The Bank of England has reduced interest rates by 25 basis points, indicating a “gradual” approach as the Budget’s impact permeates the economy.

Eight members of the Bank’s Monetary Policy Committee (MPC) voted in favour of the second rate cut this year, with only Catherine Mann opposing.

This brings the benchmark Bank Rate to 4.75 per cent, down from a high of 5.25 per cent. The Bank made its first interest rate cut since the pandemic in August.

Market expectations were met with this decision due to recent progress on inflation. Data released last month revealed that the headline rate dropped to 1.7 per cent in September, the lowest since April 2021.

Underlying inflation indicators, such as services inflation and wage growth, have also continued to ease, suggesting a decrease in domestic price pressures, as reported by City AM.

“If the economy evolves as we expect it’s likely that interest rates will continue to fall gradually from here,” stated Andrew Bailey, Governor of the Bank.

However, Bailey emphasised that the Bank “can’t cut interest rates too quickly or by too much” due to ongoing worries about inflationary dynamics.

Specifically, the Bank highlighted the potential inflationary effects of the new government’s inaugural Budget.

Chancellor Rachel Reeves unveiled approximately £40bn in tax hikes last week, which are set to underpin a £70bn average annual increase in government spending. According to the Bank’s latest projections, this blend of tax increases and heightened expenditure is expected to elevate inflation while simultaneously stimulating growth.

The Bank’s officials have estimated that due to the Budget’s implications, inflation could rise by about half a percentage point, potentially reaching a peak of 2.75% in mid-2025.

They anticipate that inflation will realign with its target by early 2027, which is roughly a year beyond their previous predictions.

The report also highlighted uncertainties surrounding the inflationary effects of the rise in employers’ national insurance contributions.

Bank of England warns on Budget fallout

Bank experts indicated significant ambiguity regarding the impact of the tax increments, noting that outcomes would hinge on “the degree and speed with which these higher costs pass through into prices, profit margins, wages and employment”.

In contrast to the Office for Budget Responsibility’s outlook, the Bank foresees businesses absorbing a larger portion of the increased expenses within their profit margins, rather than reducing employee wages.

Nonetheless, it was implied that the fiscal measures would likely lead to a “small decrease in potential supply” and exert a “small upward impact on inflation”.

Furthermore, the Bank suggested that the Budget would bolster growth by about 0.75% relative to the forecasts made in August. This adjustment could see the annual growth rate in 2025 surge to 1.75%, an increase from the current year’s projection of around one percent.

“This reflects the stronger, and relatively front-loaded, paths for government consumption and investment more than offsetting the impact on growth of higher taxes,” stated the Bank.

Growth is then projected to decline to 1.1 per cent in 2026 as a degree of spare capacity builds in the economy. This mirrors both the restrictive stance of monetary policy and fiscal tightening.

The forecasts were predicated on the assumption that the Bank Rate would drop to around 3.75 per cent by the end of next year.

Traders have already adjusted their expectations for rate cuts as a result of the Budget, anticipating just two or three rate cuts in 2025.

Setting aside the potential inflationary impacts of the Budget, Bank officials continued to highlight concerns about the persistence of services inflation.

Services inflation, which is viewed as a good measure of domestic price pressures, dropped to 4.9 per cent in September, significantly below the Bank’s expectations.

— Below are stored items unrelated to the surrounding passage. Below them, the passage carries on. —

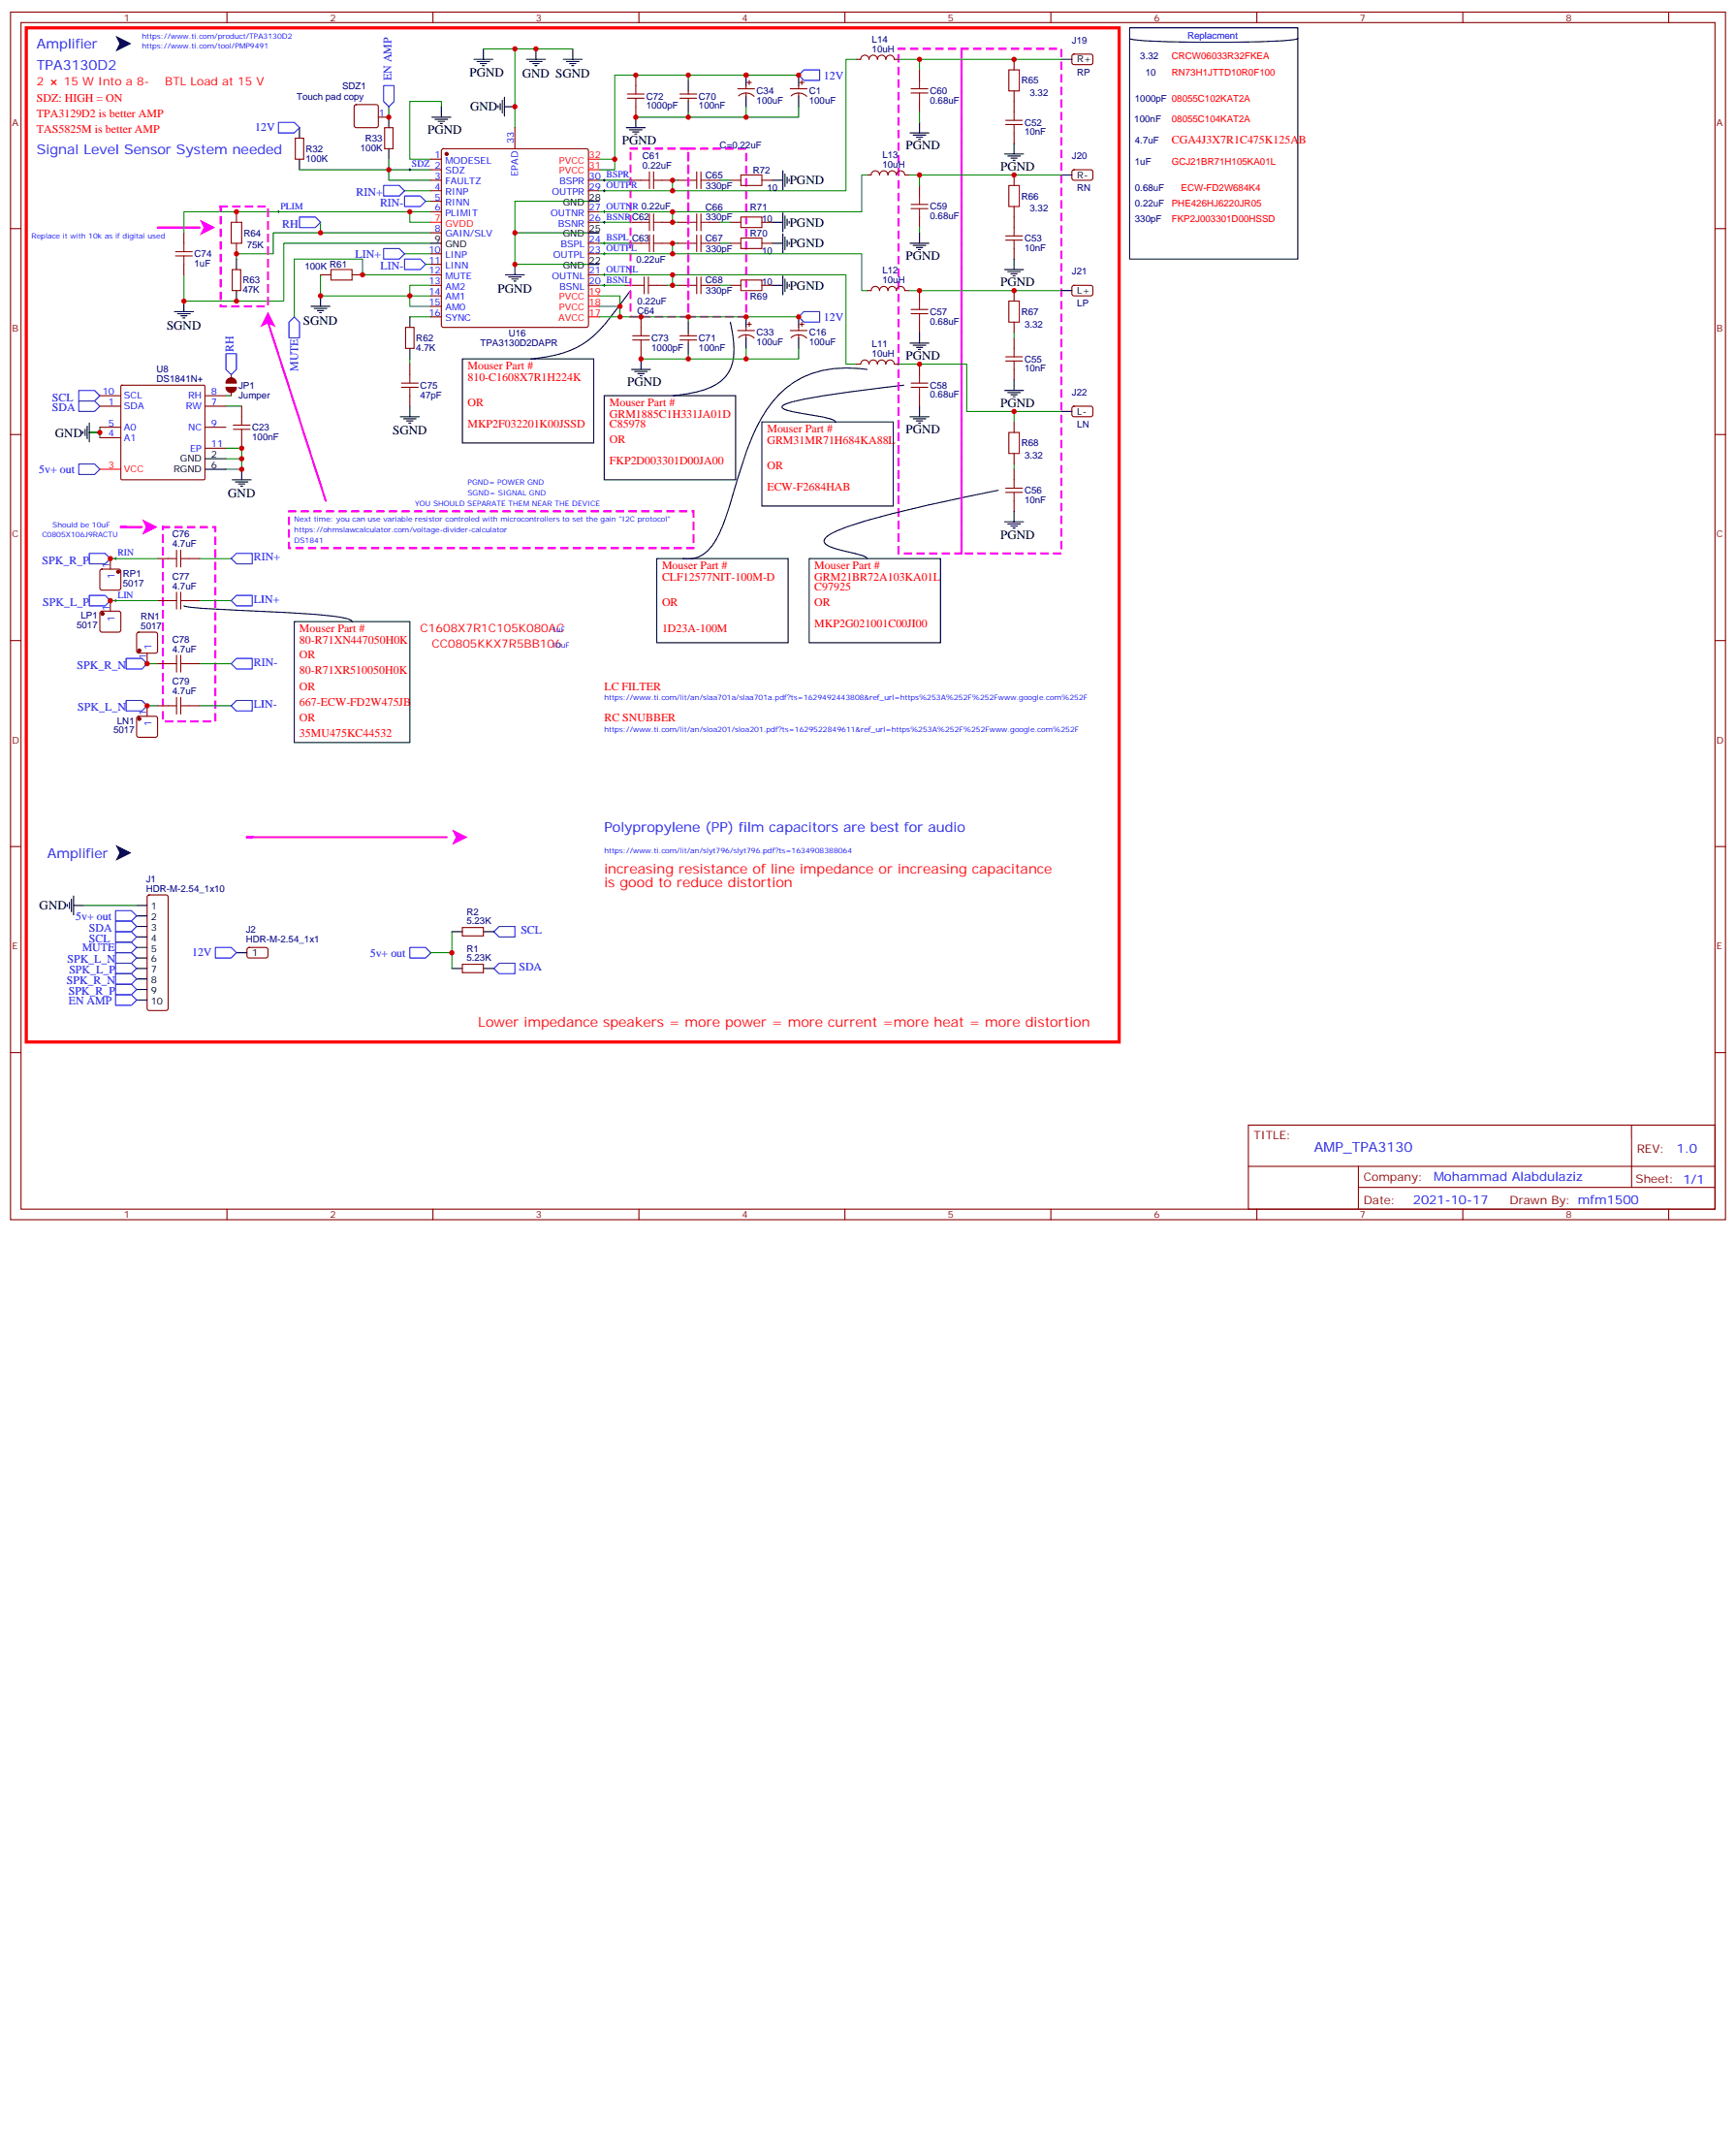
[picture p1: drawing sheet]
<svg xmlns="http://www.w3.org/2000/svg" width="583mm" height="716mm" viewBox="0 0 583 716" stroke-linecap="round" stroke-linejoin="round" font-family="sans-serif">
<g fill="none" stroke="#870000" stroke-width=".35">
<path d="M3.5 4.1h575.8v405.3h-575.8zM7.1 7.6h568.6v398.3h-568.6zM76.2 4.1v3.5M145.3 4.1v3.5M214.5 4.1v3.5M283.6 4.1v3.5M352.8 4.1v3.5M421.9 4.1v3.5M491.1 4.1v3.5M560.2 4.1v3.5M3.5 76.7h3.6M575.7 76.7h3.6"/>
<path d="M3.5 145.9h3.6M575.7 145.9h3.6M3.5 215h3.6M575.7 215h3.6M3.5 284.2h3.6M575.7 284.2h3.6M3.5 353.3h3.6M575.7 353.3h3.6M419.1 377.6h156.6v28.3h-156.6zM547.7 377.7v20.9M419.1 391.5h156.5M456 398.6h119.6"/>
<path d="M456 391.5v14.1M76.2 405.9v3.5M145.3 405.9v3.5M214.5 405.9v3.5M283.6 405.9v3.5M352.8 405.9v3.5M421.9 405.9v3.5M491.1 405.9v3.5M560.2 405.9v3.5"/>
</g>
<path d="M291 124a35.6 35.6 0 0 0-25.1 4.7 43.5 43.5 0 0 0-14.8 21.4l-4.1 12.9a100.9 100.9 0 0 1-6.6 18 10.8 10.8 0 0 1-11.1 6.5M220.5 187.5h44.1v28.2h-44.1z" fill="none" stroke="#000" stroke-width=".35"/>
<path d="M151.7 278.3l5.3 2.7-5.3 2.6 1.3-2.6z" fill="#f0f"/>
<path d="M42.3 176.9h-1.7h7M84.7 281h-1.8h67" fill="none" stroke="#f0f" stroke-width=".71"/>
<g fill="none" stroke="#000" stroke-width=".35">
<path d="M130.5 39.3v3.6M268.1 25.2v3.6M268.1 32.3v3.5M100.5 42.9v3.5M100.5 53.4v3.6M130.5 49.9v3.5M169.7 92.3h6.3M170.7 93h4.3M171.8 93.7h2.1M172.5 94.4h.7M172.9 88.7v3.6M211.7 97.5l-1.5 2a70.4 70.4 0 0 1-12.7 14.7 35.4 35.4 0 0 1-19.3 6.3"/>
<path d="M245.2 108.1a27.3 27.3 0 0 1 .3 15.1 13.6 13.6 0 0 1-9.9 7.9 50.5 50.5 0 0 1-9.8 1.7M250.5 106.4v3.5M250.5 113.4v3.5M268.1 106.4v3.5M268.1 113.4v3.5M155.2 120.5h44.1v28.2h-44.1zM202.8 132.8h44.1v28.2h-44.1zM303.4 129.3l-28 3.7a46.1 46.1 0 0 0-12.6 3.1l-.3 .5a4.6 4.6 0 0 0 3.5 1.6l1.7 .3a57.3 57.3 0 0 1 12.5 2.7l.3 .4M27.9 144.8v.7M28.6 144.1v2.1M29.3 143.1v4.2M30 145.2h3.5"/>
<path d="M30 142v6.3M68.8 154h7M68.8 157.5h7M81.1 157.5v3.5M255.8 141.6h44.1v28.3h-44.1zM78 161h6.3M79 161.7h4.3M80.1 162.5h2.1M80.8 163.2h.7M335.1 164.6a486.4 486.4 0 0 0-47.8 11.2 28.8 28.8 0 0 0-10 4.6l-.6 .8v.8a6.7 6.7 0 0 0 4.2 2.3l6.7 1.6a4.9 4.9 0 0 1 3.4 1.6M271.6 187.5h44.1v28.2h-44.1zM61.7 203.4a165.2 165.2 0 0 0 22.8 1.6l6.8 .4a204.1 204.1 0 0 1 24.6 2.1l2 .7 .3 .5"/>
<path d="M98.8 208.7h38.8v40.5h-38.8z"/>
</g>
<g fill="none" stroke="#870000" stroke-width=".35">
<path d="M119.1 35.3l.5-.2h6.7l.5 .2 .2 .5v6.4l-.2 .5-.5 .2h-6.7l-.5-.3-.2-.4v-6.4zM127 39.3h3.5M265.3 29.8h5.6M265.6 32.2a3.8 3.8 0 0 1 5.2 .2M268.1 28.8v1M268.1 31.2v1.1M268.5 27.7h1.4M269.2 27v1.4M308.7 23.5v3.5M308.7 34v3.6M340.4 34v3.6M99.1 46.4h2.9v7h-2.9z"/>
<path d="M129.1 42.9h2.8v7h-2.8zM340.4 44.6v3.6M211.7 74.6h3.5M211.7 60.5h3.5M222.2 74.6h3.6M222.2 60.5h3.6M227.5 74.6h3.6M227.5 60.5h3.6M238.1 74.6h3.6M238.1 60.5h3.6M308.7 62.3v3.5M308.7 72.8v3.6"/>
<path d="M340.4 72.8v3.6M209.9 95.8h3.5M211.7 81.7h3.5M220.5 95.8h3.5M222.2 81.7h3.6M227.5 95.8h3.6M227.5 81.7h3.6M238.1 95.8h3.6M238.1 81.7h3.6M308.7 97.5v3.6M340.4 83.4v3.6M247.6 110.9h5.7"/>
<path d="M247.9 113.3a3.8 3.8 0 0 1 5.3 .2M250.5 109.9v1M250.5 112.4v1M250.8 108.8h1.4M251.5 108.1v1.4M265.3 110.9h5.6M265.6 113.3a3.8 3.8 0 0 1 5.2 .2M268.1 109.9v1M268.1 112.4v1M268.5 108.8h1.4M269.2 108.1v1.4M308.7 108.1v3.6"/>
<path d="M340.4 113.4v3.5M33.5 136.3h7.1M33.5 132.8h7.1M40.6 129.5l.3-.2h27.5l.3 .2 .1 31.2-.2 .3h-27.7l-.3-.1zM68.8 136.3h7M68.8 132.8h7M77.6 125.8v1M77.6 131.8v1M81.1 136.3v3.6M308.7 122.2v3.6M308.7 132.8v3.5M340.4 124v3.5"/>
<path d="M33.5 146.9h7.1M33.5 143.4h7.1M68.8 143.4h7M68.8 150.5h7M81.1 146.9v3.6M340.4 157.5v3.5M340.4 168.1v3.5M33.7 191.2l.5-.2h5.7l.5 .2 .2 .5v5.7l-.3 .5-.4 .2h-5.7l-.5-.2-.2-.5v-5.7zM37 187.5v3.5M33.7 205.3l.5-.2h5.7l.5 .2 .2 .5v5.7l-.3 .5-.4 .2h-5.7l-.5-.2-.2-.5v-5.7zM37 201.6v3.5M46.1 212.4l.5-.2h5.6l.5 .2 .2 .5v5.6l-.2 .5-.5 .3h-5.6l-.5-.3-.2-.5v-5.6z"/>
<path d="M49.4 219.3v3.5M49.4 236.9v3.5M46.1 240.6l.5-.2h5.6l.5 .2 .2 .5v5.7l-.2 .5-.5 .2h-5.6l-.5-.3-.2-.4v-5.7z"/>
</g>
<path d="M107.6 74.6v3.5M172.9 78.1v10.6h28.2M225.8 92.3h58.2v29.9h3.5M75.8 132.8h1.8M75.8 136.3h5.3M33.5 143.4v1.8h-3.5h3.5v1.7M75.8 150.5h5.3v7h-5.3M75.8 154h5.3" fill="none" stroke="#008700" stroke-width=".35"/>
<g fill="none" stroke="#a10000" stroke-width=".35">
<path d="M305.9 31.2h5.6M305.9 29.8h5.6M308.7 27v2.8M308.7 31.2v2.8M340.4 37.6v2.8M218 57.7v5.6M219.4 57.7v5.6M233.9 57.7v5.6M235.3 57.7v5.6M337.6 41.8h5.7M337.6 40.4h5.7M340.4 41.8v2.8"/>
<path d="M215.2 74.6h2.8M215.2 60.5h2.8M218 71.8v5.6M218 78.8v5.7M219.4 74.6h2.8M219.4 60.5h2.8M219.4 71.8v5.6M219.4 78.8v5.7M231.1 74.6h2.8M231.1 60.5h2.8M233.9 71.8v5.6M233.9 78.8v5.7"/>
<path d="M235.3 71.8v5.6M235.3 78.8v5.7M235.3 74.6h2.8M235.3 60.5h2.8M305.9 70h5.6M305.9 68.6h5.6M308.7 65.8v2.8M308.7 70v2.8M337.6 79.2h5.7M340.4 76.4v2.8M213.4 95.8h2.9M215.2 81.7h2.8"/>
<path d="M216.3 93v5.6M217.7 95.8h2.8M217.7 93v5.6M219.4 81.7h2.8M231.1 95.8h2.8M231.1 81.7h2.8M233.9 93v5.6M235.3 93v5.6M235.3 95.8h2.8M235.3 81.7h2.8M337.6 80.6h5.7M340.4 80.6v2.8"/>
<path d="M305.9 105.3h5.6M305.9 103.9h5.6M308.7 101.1v2.8M308.7 105.3v2.8M337.6 119.8h5.7M340.4 116.9v2.9M81.1 139.9v2.8M305.9 130h5.6M305.9 128.6h5.6M308.7 125.8v2.8M308.7 130v2.8M337.6 121.2h5.7"/>
<path d="M340.4 121.2v2.8M78.3 142.7h5.7M78.3 144.1h5.7M81.1 144.1v2.8M337.6 165.3h5.7M337.6 163.9h5.7M340.4 161v2.9M340.4 165.3v2.8"/>
</g>
<path d="M301.6 16.4h21.2v169.3h-21.2zM322.8 16.4h33.5v169.3h-33.5zM211.7 49.9h19.4v56.5h-19.4zM231.1 49.9h19.4v56.5h-19.4z" fill="none" stroke="#f0f" stroke-width=".71" stroke-dasharray="2.1 2.1"/>
<path d="M100.5 72.8h5.3l1.8 1.8-1.8 1.8h-5.3zM75.8 118.7h3.6v5.3l-1.8 1.8-1.8-1.8zM26.5 134.6h5.2l1.8 1.7-1.8 1.8h-5.2zM26.5 131.1h5.2l1.8 1.7-1.8 1.8h-5.2zM26.5 155.8h5.2l1.8 1.7-1.8 1.8h-5.2zM30 199.8h5.3l1.7 1.8-1.7 1.8h-5.3zM30 185.7h5.3l1.7 1.8-1.7 1.8h-5.3zM42.3 235.1h5.3l1.8 1.8-1.8 1.8h-5.3zM42.3 221h5.3l1.8 1.8-1.8 1.7h-5.3z" fill="none" stroke="#00f" stroke-width=".35"/>
<g fill="#870000" stroke="#870000" stroke-width=".35">
<path d="M75.8 130h3.6a1.76 1.76 0 0 1-1.8 1.8 1.76 1.76 0 0 1-1.8-1.8z"/>
<path d="M76.4 127.3a1.76 1.76 0 0 1 1.9-.3 1.76 1.76 0 0 1 1.1 1.6h-3.6z"/>
<circle cx="34.4" cy="206" r=".53"/>
<circle cx="39.7" cy="191.9" r=".53"/>
<circle cx="46.7" cy="241.3" r=".53"/>
<circle cx="46.7" cy="218.4" r=".53"/>
</g>
<path d="M33.5 157.5h7.1" fill="none" stroke="#f00" stroke-width=".35"/>
<path d="M47.6 174.3l5.3 2.6-5.3 2.7 1.3-2.7z" fill="#f0f"/>
<path d="M54.7 176.9h17.6v65.3h-17.6z" fill="none" stroke="#f0f" stroke-width=".71" stroke-dasharray="2.1 2.1"/>
<path d="M130.5 35.8v3.5M250.5 35.8v3.5M130.5 53.4v7.1h14.1M250.5 116.9v3.6M49.4 236.9h3.5M49.4 222.8h3.5" fill="none" stroke="#008700" stroke-width=".35"/>
<path d="M247.6 29.8h5.7M247.9 32.2a3.8 3.8 0 0 1 5.3 .2M250.5 28.8v1M250.5 31.2v1.1M250.8 27.7h1.4M251.5 27v1.4" fill="none" stroke="#870000" stroke-width=".35"/>
<path d="M250.5 25.2v3.6M250.5 32.3v3.5" fill="none" stroke="#000" stroke-width=".35"/>
<path d="M268.1 106.4l1.8-1.8h5.3v3.5h-5.3z" fill="none" stroke="#00f" stroke-width=".35"/>
<path d="M52.9 76.4h14.1" fill="none" stroke="#f0f" stroke-width=".71"/>
<path d="M67 73.7l5.3 2.7-5.3 2.6 1.4-2.6z" fill="#f0f"/>
<g fill="none" stroke="#008700" stroke-width=".35">
<path d="M162.3 16.4h10.6v26.5M172.9 16.4h19.4M287.5 19.9h-3.5v44.1h-58.2M301.6 19.9h54.7M308.7 19.9v3.6M148.2 35.8v-1.8h-10.6v19.4h7M231.1 37.6v1.7h-17.7M231.1 27v-1.8h-24.7v28.2M231.1 25.2h37M268.1 35.8v3.5h-37M308.7 37.6v3.5M100.5 57h44.1"/>
<path d="M201.1 53.4h5.3v3.6h-5.3M291 58.7h-1.7v12.4h-63.5M305.2 58.7h3.5v3.6M308.7 58.7h47.6M135.8 64h8.8M137.6 71.1h-75.9v7M142.9 67.6h1.7M144.6 78.1h-52.9v7.1h-12.3v1.8M144.6 71.1h-7v3.5h7M201.1 71.1h24.7v3.5h1.7M201.1 67.6h-28.2v10.5h28.2M201.1 60.5h10.6"/>
<path d="M201.1 74.6h10.6M227.5 60.5h-1.7v3.5h-24.7M241.7 60.5h3.5M241.7 74.6h3.5M308.7 76.4v1.7M107.6 92.3v7h30v3.5h7M135.8 85.2h8.8M142.9 88.7h1.7M144.6 95.8h-7v3.5h7M144.6 92.3h-22.9v-5.3h-22.9v19.4M144.6 81.7h-49.4v19.4h-33.5v-8.8M201.1 92.3h24.7v3.5h-1.8"/>
<path d="M201.1 99.3h7v3.5h-7M201.1 81.7h10.6M201.1 95.8h8.8M225.8 85.2h63.5v12.3h1.7M225.8 95.8h1.7M227.5 81.7h-1.7v3.5h-24.7M241.7 81.7h3.5M241.7 95.8h3.5M305.2 97.5h51.1M137.6 106.4h7M208.1 106.4h23v1.7M208.1 102.8v3.6h-7"/>
<path d="M231.1 106.4h37M268.1 116.9v3.6h-37v-1.8M340.4 111.7v1.7M137.6 120.5v1.7M215.2 120.5h15.9M301.6 122.2h23v15.9h15.8v3.5M340.4 138.1h15.9M340.4 155.8v1.7M37 187.5h15.9M67 187.5h10.6M37 201.6h15.9M67 201.6h10.6"/>
<path d="M67 236.9h10.6M67 222.8h10.6"/>
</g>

However, Bank officials cautioned that some of the decrease in services inflation was driven by “volatile categories”, some of which are expected to unwind.

“Services price inflation was expected to remain broadly unchanged over the next six months,” it declared.

The US Federal Reserve will reveal its latest interest rate decision later this evening. Investors anticipate the Fed to cut rates by 25 basis points despite the uncertainty caused by Trump’s election victory.